Saved data entries:
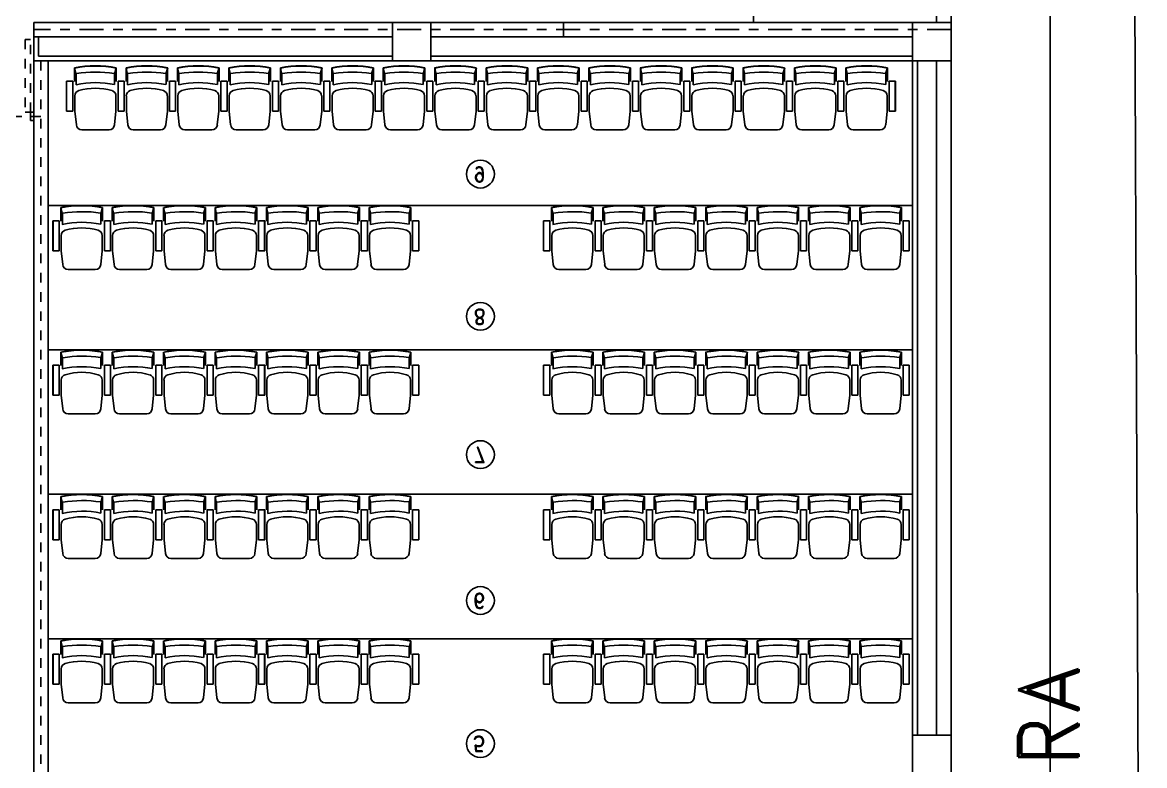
# Model space of a CAD drawing. Header units: millimetres. Extents: x 1590 to 1932, y -48 to 167.
# Drawn here: x 1764.81 to 1776.46, y 40.57 to 48.29 of the extents above; entities that cross this region are included whole.
import ezdxf
from ezdxf.enums import TextEntityAlignment as Align

# ---------------------------------------------------------------- set-up
doc = ezdxf.new("R2010")
doc.units = ezdxf.units.MM
doc.header["$LTSCALE"] = 0.1
doc.header["$MEASUREMENT"] = 0
doc.header["$PDMODE"] = 35
doc.header["$PDSIZE"] = 0.75
for name, pattern in [('CENTER2', [1.125, 0.75, -0.125, 0.125, -0.125]), ('CENTERX2', [4, 2.5, -0.5, 0.5, -0.5]), ('HIDDEN', [0.375, 0.25, -0.125]), ('HIDDEN2', [0.1875, 0.125, -0.0625])]:
    doc.linetypes.add(name, pattern=pattern)
doc.layers.get('0').update_dxf_attribs({"linetype": 'CONTINUOUS'})
doc.layers.get('DEFPOINTS').update_dxf_attribs({"linetype": 'CONTINUOUS'})
for name, color, linetype in [('BUTACAS', 8, 'HIDDEN'), ('CALLES', 3, 'CONTINUOUS'), ('DIVI', 2, 'CONTINUOUS'), ('EJES', 1, 'CENTER2'), ('FC', 8, 'HIDDEN2'), ('GRADA', 9, 'CONTINUOUS'), ('PARED', 4, 'CONTINUOUS'), ('REPISA', 2, 'CONTINUOUS'), ('TERRENO', 4, 'CONTINUOUS'), ('TEXT', 3, 'CONTINUOUS')]:
    doc.layers.add(name, color=color, linetype=linetype)
doc.styles.add('ROMAND', font='romand.shx')
doc.dimstyles.new('URBA', dxfattribs={"dimtxt": 20, "dimasz": 0.5, "dimexe": 1.25, "dimexo": 0.63, "dimgap": 0.63, "dimtad": 0, "dimtih": 1, "dimtoh": 1, "dimzin": 1, "dimdsep": 46, "dimtxsty": 'ROMAND', "dimcen": 2.5, "dimclrd": 1, "dimclre": 1, "dimclrt": 3, "dimadec": 0, "dimazin": 0, "dimtfac": 1, "dimtmove": 0, "dimatfit": 3, "dimfxl": 1, "dimtvp": 1, "dimtolj": 1, "dimtzin": 1, "dimarcsym": 0})

# ---------------------------------------------------------------- blocks, each defined once
blk = doc.blocks.new('ROWSEAT7')
at = {"layer": 'BUTACAS', "linetype": 'Continuous'}
for p, q in [((-3.761, 0.471), (-3.746, 0.614)), ((-3.407, 0.665), (-3.689, 0.665)), ((-3.335, 0.471), (-3.351, 0.614)), ((-3.227, 0.471), (-3.212, 0.614)), ((-2.874, 0.665), (-3.156, 0.665)), ((-2.802, 0.471), (-2.817, 0.614)), ((-2.694, 0.471), (-2.679, 0.614)), ((-2.341, 0.665), (-2.622, 0.665)), ((-2.269, 0.471), (-2.284, 0.614)), ((-2.161, 0.471), (-2.146, 0.614)), ((-1.807, 0.665), (-2.089, 0.665)), ((-1.735, 0.471), (-1.75, 0.614)), ((-1.627, 0.471), (-1.612, 0.614)), ((-1.274, 0.665), (-1.555, 0.665)), ((-1.202, 0.471), (-1.217, 0.614)), ((-1.094, 0.471), (-1.079, 0.614)), ((-0.74, 0.665), (-1.022, 0.665)), ((-0.668, 0.471), (-0.684, 0.614)), ((-0.56, 0.471), (-0.545, 0.614)), ((-0.207, 0.665), (-0.489, 0.665)), ((-0.135, 0.471), (-0.15, 0.614)), ((-3.783, 0.472), (-3.846, 0.472)), ((-3.846, 0.16, 0.002), (-3.846, 0.472, 0.002)), ((-3.783, 0.16, 0.002), (-3.783, 0.472, 0.002)), ((-3.761, 0.471), (-3.761, 0.311)), ((-3.335, 0.471), (-3.335, 0.311)), ((-3.25, 0.472), (-3.313, 0.472)), ((-3.313, 0.16, 0.002), (-3.313, 0.472, 0.002)), ((-3.25, 0.16, 0.002), (-3.25, 0.472, 0.002)), ((-3.227, 0.471), (-3.227, 0.311)), ((-2.802, 0.471), (-2.802, 0.311)), ((-2.716, 0.472), (-2.78, 0.472)), ((-2.78, 0.16, 0.002), (-2.78, 0.472, 0.002)), ((-2.716, 0.16, 0.002), (-2.716, 0.472, 0.002)), ((-2.694, 0.471), (-2.694, 0.311)), ((-2.269, 0.471), (-2.269, 0.311)), ((-2.247, 0.472), (-2.183, 0.472)), ((-2.247, 0.472), (-2.247, 0.16)), ((-2.183, 0.472), (-2.246, 0.472)), ((-2.246, 0.16, 0.002), (-2.246, 0.472, 0.002)), ((-2.183, 0.472), (-2.246, 0.472)), ((-2.246, 0.16, 0.002), (-2.246, 0.472, 0.002)), ((-2.183, 0.472), (-2.183, 0.16)), ((-2.183, 0.16, 0.002), (-2.183, 0.472, 0.002)), ((-2.183, 0.16, 0.002), (-2.183, 0.472, 0.002)), ((-2.161, 0.471), (-2.161, 0.311)), ((-1.735, 0.471), (-1.735, 0.311)), ((-1.713, 0.472), (-1.65, 0.472)), ((-1.713, 0.472), (-1.713, 0.16)), ((-1.649, 0.472), (-1.713, 0.472)), ((-1.713, 0.16, 0.002), (-1.713, 0.472, 0.002)), ((-1.65, 0.472), (-1.65, 0.16)), ((-1.649, 0.16, 0.002), (-1.649, 0.472, 0.002)), ((-1.627, 0.471), (-1.627, 0.311)), ((-1.202, 0.471), (-1.202, 0.311)), ((-1.18, 0.472), (-1.116, 0.472)), ((-1.18, 0.472), (-1.18, 0.16)), ((-1.116, 0.472), (-1.179, 0.472)), ((-1.179, 0.16, 0.002), (-1.179, 0.472, 0.002)), ((-1.116, 0.472), (-1.116, 0.16)), ((-1.116, 0.16, 0.002), (-1.116, 0.472, 0.002)), ((-1.094, 0.471), (-1.094, 0.311)), ((-0.668, 0.471), (-0.668, 0.311)), ((-0.646, 0.472), (-0.583, 0.472)), ((-0.646, 0.472), (-0.646, 0.16)), ((-0.583, 0.472), (-0.646, 0.472)), ((-0.646, 0.16, 0.002), (-0.646, 0.472, 0.002)), ((-0.583, 0.472), (-0.583, 0.16)), ((-0.583, 0.16, 0.002), (-0.583, 0.472, 0.002)), ((-0.56, 0.471), (-0.56, 0.311)), ((-0.135, 0.471), (-0.135, 0.311)), ((-0.113, 0.472), (-0.05, 0.472)), ((-0.113, 0.472), (-0.113, 0.16)), ((-0.049, 0.472), (-0.113, 0.472)), ((-0.113, 0.16, 0.002), (-0.113, 0.472, 0.002)), ((-0.05, 0.472), (-0.05, 0.16)), ((-0.049, 0.16, 0.002), (-0.049, 0.472, 0.002)), ((-3.761, 0.311), (-3.761, 0.313)), ((-3.227, 0.311), (-3.227, 0.313)), ((-2.694, 0.311), (-2.694, 0.313)), ((-2.161, 0.311), (-2.161, 0.313)), ((-1.627, 0.311), (-1.627, 0.313)), ((-1.094, 0.311), (-1.094, 0.313)), ((-0.56, 0.311), (-0.56, 0.313)), ((-3.783, 0.16, 0.339), (-3.846, 0.16, 0.339)), ((-3.764, 0.023), (-3.764, 0.162)), ((-3.747, 0.08), (-3.747, 0.195)), ((-3.347, 0.083), (-3.347, 0.198)), ((-3.332, 0.023), (-3.332, 0.162)), ((-3.25, 0.16, 0.339), (-3.313, 0.16, 0.339)), ((-3.231, 0.023), (-3.231, 0.162)), ((-3.214, 0.08), (-3.214, 0.195)), ((-2.814, 0.083), (-2.814, 0.198)), ((-2.799, 0.023), (-2.799, 0.162)), ((-2.716, 0.16, 0.339), (-2.78, 0.16, 0.339)), ((-2.697, 0.023), (-2.697, 0.162)), ((-2.68, 0.08), (-2.68, 0.195)), ((-2.28, 0.083), (-2.28, 0.198)), ((-2.265, 0.023), (-2.265, 0.162)), ((-2.247, 0.16), (-2.183, 0.16)), ((-2.183, 0.16, 0.339), (-2.246, 0.16, 0.339)), ((-2.183, 0.16, 0.339), (-2.246, 0.16, 0.339)), ((-2.164, 0.023), (-2.164, 0.162)), ((-2.147, 0.08), (-2.147, 0.195)), ((-1.747, 0.083), (-1.747, 0.198)), ((-1.732, 0.023), (-1.732, 0.162)), ((-1.713, 0.16), (-1.65, 0.16)), ((-1.649, 0.16, 0.339), (-1.713, 0.16, 0.339)), ((-1.631, 0.023), (-1.631, 0.162)), ((-1.614, 0.08), (-1.614, 0.195)), ((-1.213, 0.083), (-1.213, 0.198)), ((-1.198, 0.023), (-1.198, 0.162)), ((-1.18, 0.16), (-1.116, 0.16)), ((-1.116, 0.16, 0.339), (-1.179, 0.16, 0.339)), ((-1.097, 0.023), (-1.097, 0.162)), ((-1.08, 0.08), (-1.08, 0.195)), ((-0.68, 0.083), (-0.68, 0.198)), ((-0.665, 0.023), (-0.665, 0.162)), ((-0.646, 0.16), (-0.583, 0.16)), ((-0.583, 0.16, 0.339), (-0.646, 0.16, 0.339)), ((-0.564, 0.023), (-0.564, 0.162)), ((-0.547, 0.08), (-0.547, 0.195)), ((-0.147, 0.083), (-0.147, 0.198)), ((-0.132, 0.023), (-0.132, 0.162)), ((-0.113, 0.16), (-0.05, 0.16)), ((-0.049, 0.16, 0.339), (-0.113, 0.16, 0.339)), ((-3.749, 0.075), (-3.765, 0.023)), ((-3.332, 0.023), (-3.346, 0.077)), ((-3.215, 0.075), (-3.231, 0.023)), ((-2.799, 0.023), (-2.812, 0.077)), ((-2.682, 0.075), (-2.698, 0.023)), ((-2.265, 0.023), (-2.279, 0.077)), ((-2.149, 0.075), (-2.165, 0.023)), ((-1.732, 0.023), (-1.745, 0.077)), ((-1.615, 0.075), (-1.631, 0.023)), ((-1.198, 0.023), (-1.212, 0.077)), ((-1.082, 0.075), (-1.098, 0.023)), ((-0.665, 0.023), (-0.679, 0.077)), ((-0.548, 0.075), (-0.564, 0.023)), ((-0.132, 0.023), (-0.145, 0.077))]:
    blk.add_line(p, q, dxfattribs=at)
for centre, radius, start, end in [((-3.689, 0.608), 0.0571, 90, 174), ((-3.407, 0.608), 0.0571, 6, 90), ((-3.156, 0.608), 0.0571, 90, 174), ((-2.874, 0.608), 0.0571, 6, 90), ((-2.622, 0.608), 0.0571, 90, 174), ((-2.341, 0.608), 0.0571, 6, 90), ((-2.089, 0.608), 0.0571, 90, 174), ((-1.807, 0.608), 0.0571, 6, 90), ((-1.555, 0.608), 0.0571, 90, 174), ((-1.274, 0.608), 0.0572, 6, 90), ((-1.022, 0.608), 0.0571, 90, 174), ((-0.74, 0.608), 0.0572, 6, 90), ((-0.489, 0.608), 0.0571, 90, 174), ((-0.207, 0.608), 0.0572, 6, 90), ((-3.704, 0.313), 0.0571, 180, 253.3834), ((-3.548, 0.834), 0.601, 253.3834, 286.6166), ((-3.393, 0.313), 0.0571, 286.6166, 360), ((-3.17, 0.313), 0.0571, 180, 253.3834), ((-3.015, 0.834), 0.601, 253.3834, 286.6166), ((-2.859, 0.313), 0.0571, 286.6166, 360), ((-2.637, 0.313), 0.0571, 180, 253.3834), ((-2.481, 0.834), 0.601, 253.3834, 286.6166), ((-2.326, 0.313), 0.0571, 286.6166, 360), ((-2.104, 0.313), 0.0571, 180, 253.3834), ((-1.948, 0.834), 0.601, 253.3834, 286.6166), ((-1.792, 0.313), 0.0571, 286.6166, 360), ((-1.57, 0.313), 0.0571, 180, 253.3834), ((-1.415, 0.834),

**What you will do**
Lines with "dxfattribs" in them are what the answer must contain; copy each from the records above.

**Expected output**
doc.dimstyles.new('URBA', dxfattribs={"dimtxt": 20, "dimasz": 0.5, "dimexe": 1.25, "dimexo": 0.63, "dimgap": 0.63, "dimtad": 0, "dimtih": 1, "dimtoh": 1, "dimzin": 1, "dimdsep": 46, "dimtxsty": 'ROMAND', "dimcen": 2.5, "dimclrd": 1, "dimclre": 1, "dimclrt": 3, "dimadec": 0, "dimazin": 0, "dimtfac": 1, "dimtmove": 0, "dimatfit": 3, "dimfxl": 1, "dimtvp": 1, "dimtolj": 1, "dimtzin": 1, "dimarcsym": 0})
    blk.add_line(p, q, dxfattribs=at)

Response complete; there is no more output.